Bank House, Bridgelands Cottage, Greenhays Cottage And National Westminster Bank is a Grade II listed building in the Maidstone local planning authority area, England. First listed on 23 May 1967. A C15 House. 4 related planning applications.

Bank House, Bridgelands Cottage, Greenhays Cottage And National Westminster Bank

WRENN ID
pale-portal-thrush
Grade
II
Local Planning Authority
Maidstone
Country
England
Date first listed
23 May 1967
Type
House
Source
Historic England listing

Description

This is a house, now a row of houses and a bank, dating back to the 15th century, with alterations and a facade from the late 18th or early 19th century. It is timber-framed, with the left end of the ground floor built of red brick in a Flemish bond pattern, the rest of the building using red and grey brick, also in Flemish bond. The first floor is tile-hung, and the roof is covered with tiles, possibly indicating a Wealden origin. The building originally comprised an open hall, with a storeyed bay to the right end and likely to the left.

The building has a brick plinth towards the centre, and a stone plinth to the right. The steeply pitched roof is gabled to the left and hipped to the right, with a brick ridge stack towards the left end. The windows are irregularly placed, consisting of four three-light casements, one to the left and three to the right of the stack.
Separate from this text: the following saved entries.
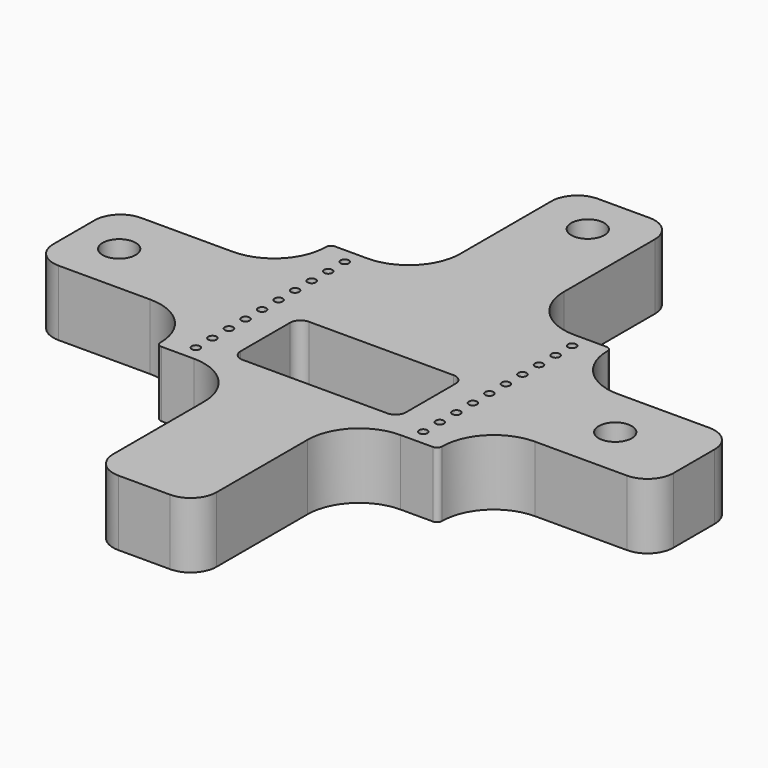
from build123d import *

# Parameters (mm, degrees)
F0_W      = 27.25
F0_H      = 21
F1_DEPTH  = 6.35
F2_R      = 0.4
F3_DEPTH  = 25.4
F5_DEPTH  = 6.35
F6_R      = 1.6
F7_DEPTH  = 25.4
F8_R      = 5
F9_R      = 2.5
F10_R     = 0.49999
F12_DEPTH = 25.4


# Not quite as in the source:
# - a fillet or chamfer is up to 0.001 mm smaller than in the source, because OpenCascade refuses the exact size


with BuildPart() as f1:
    # F0 (on Top) → F1 (new body)
    with BuildSketch(Plane.XY):
        Rectangle(F0_W, F0_H)
    extrude(amount=F1_DEPTH)

    # F2 (on face) → F3 (cut)
    with BuildSketch(Plane.XY.offset(6.35)):
        with Locations((11, 1)):
            Circle(F2_R)
        with Locations((11, 3)):
            Circle(F2_R)
        with Locations((11, 5)):
            Circle(F2_R)
        with Locations((11, 7)):
            Circle(F2_R)
        with Locations((11, 9)):
            Circle(F2_R)
        with Locations((11, -1)):
            Circle(F2_R)
        with Locations((11, -3)):
            Circle(F2_R)
        with Locations((11, -5)):
            Circle(F2_R)
        with Locations((11, -7)):
            Circle(F2_R)
        with Locations((11, -9)):
            Circle(F2_R)
        with Locations((-11, 9)):
            Circle(F2_R)
        with Locations((-11, 7)):
            Circle(F2_R)
        with Locations((-11, 5)):
            Circle(F2_R)
        with Locations((-11, 3)):
            Circle(F2_R)
        with Locations((-11, 1)):
            Circle(F2_R)
        with Locations((-11, -1)):
            Circle(F2_R)
        with Locations((-11, -3)):
            Circle(F2_R)
        with Locations((-11, -5)):
            Circle(F2_R)
        with Locations((-11, -7)):
            Circle(F2_R)
        with Locations((-11, -9)):
            Circle(F2_R)
    extrude(amount=-F3_DEPTH, mode=Mode.SUBTRACT)

    # F4 (on face) → F5 (join)
    with BuildSketch(Plane.XY.offset(6.35)):
        Polygon((5, 29), (0, 29), (-5, 29), (-5, 10.5), (0, 10.5), (5, 10.5), align=None)
        Polygon((-5, -10.5), (-5, -29), (0, -29), (5, -29), (5, -10.5), (0, -10.5), align=None)
        Polygon((-30, 5), (-30, 0), (-30, -5), (-13.625, -5), (-13.625, 0), (-13.625, 5), align=None)
        Polygon((30, 5), (13.625, 5), (13.625, 0), (13.625, -5), (30, -5), (30, 0), align=None)
    extrude(amount=-F5_DEPTH)

    # F6 (on face) → F7 (cut)
    with BuildSketch(Plane.XY.offset(6.35)):
        with Locations((-25.625, 0)):
            Circle(F6_R)
        with Locations((22.375, 0)):
            Circle(F6_R)
        with Locations((0, 24.65)):
            Circle(F6_R)
    extrude(amount=-F7_DEPTH, mode=Mode.SUBTRACT)

    # F8
    f8_edges = [f1.edges().sort_by_distance(p)[0] for p in [
        (-5, 10.5, 3.175),
        (-13.625, 5, 3.175),
        (-13.625, -5, 3.175),
        (-5, -10.5, 3.175),
        (5, 10.5, 3.175),
        (13.625, 5, 3.175),
        (13.625, -5, 3.175),
        (5, -10.5, 3.175),
    ]]
    fillet(f8_edges, radius=F8_R)

    # F9
    f9_edges = [f1.edges().sort_by_distance(p)[0] for p in [
        (-30, 5, 3.175),
        (-5, 29, 3.175),
        (5, 29, 3.175),
        (-30, -5, 3.175),
        (-5, -29, 3.175),
        (5, -29, 3.175),
        (30, 5, 3.175),
        (30, -5, 3.175),
    ]]
    fillet(f9_edges, radius=F9_R)

    # F10 (radius 0.5 in the source; OpenCascade refuses exactly that, so slightly less here)
    f10_edges = [f1.edges().sort_by_distance(p)[0] for p in [
        (-13.625, -10.5, 3.175),
        (13.625, -10.5, 3.175),
        (-13.625, 10.5, 3.175),
        (13.625, 10.5, 3.175),
    ]]
    fillet(f10_edges, radius=F10_R)

    # F11 (on face) → F12 (cut)
    with BuildSketch(Plane.XY.offset(6.35)):
        with BuildLine():
            Line((7, -0.35), (-7, -0.35))
            ThreePointArc((-7, -0.35), (-7.7071067812, -0.6428932188), (-8, -1.35))
            Line((-8, -1.35), (-8, -7.35))
            ThreePointArc((-8, -7.35), (-7.7071067812, -8.0571067812), (-7, -8.35))
            Line((-7, -8.35), (7, -8.35))
            ThreePointArc((7, -8.35), (7.7071067812, -8.0571067812), (8, -7.35))
            Line((8, -7.35), (8, -1.35))
            ThreePointArc((8, -1.35), (7.7071067812, -0.6428932188), (7, -0.35))
        make_face()
    extrude(amount=-F12_DEPTH, mode=Mode.SUBTRACT)


solid = f1.part

Three of the ground floor windows on the right have segmental heads. The former bank window has a plain frieze. A ribbed door leads to the bank on the left, while a door with flush panels, two top lights, a segmental head, and a flat bracketed hood serves as the entrance to Bank House in the centre. A similar panelled door with a flat bracketed hood is located at Bridgelands, between the first and second windows from the right, and a half-glazed door leads to Greenheys Cottage in a short, gabled timber-framed rear wing to the right.

The interior was only partly inspected. A moulded and brattished beam is visible at the right end of the hall. There is a four-centred arched doorhead with hollow spandrels to the rear wall of the hall, along with an axial beam and broad, closely-set joists in the right end bay. The roof is supported by a crown post.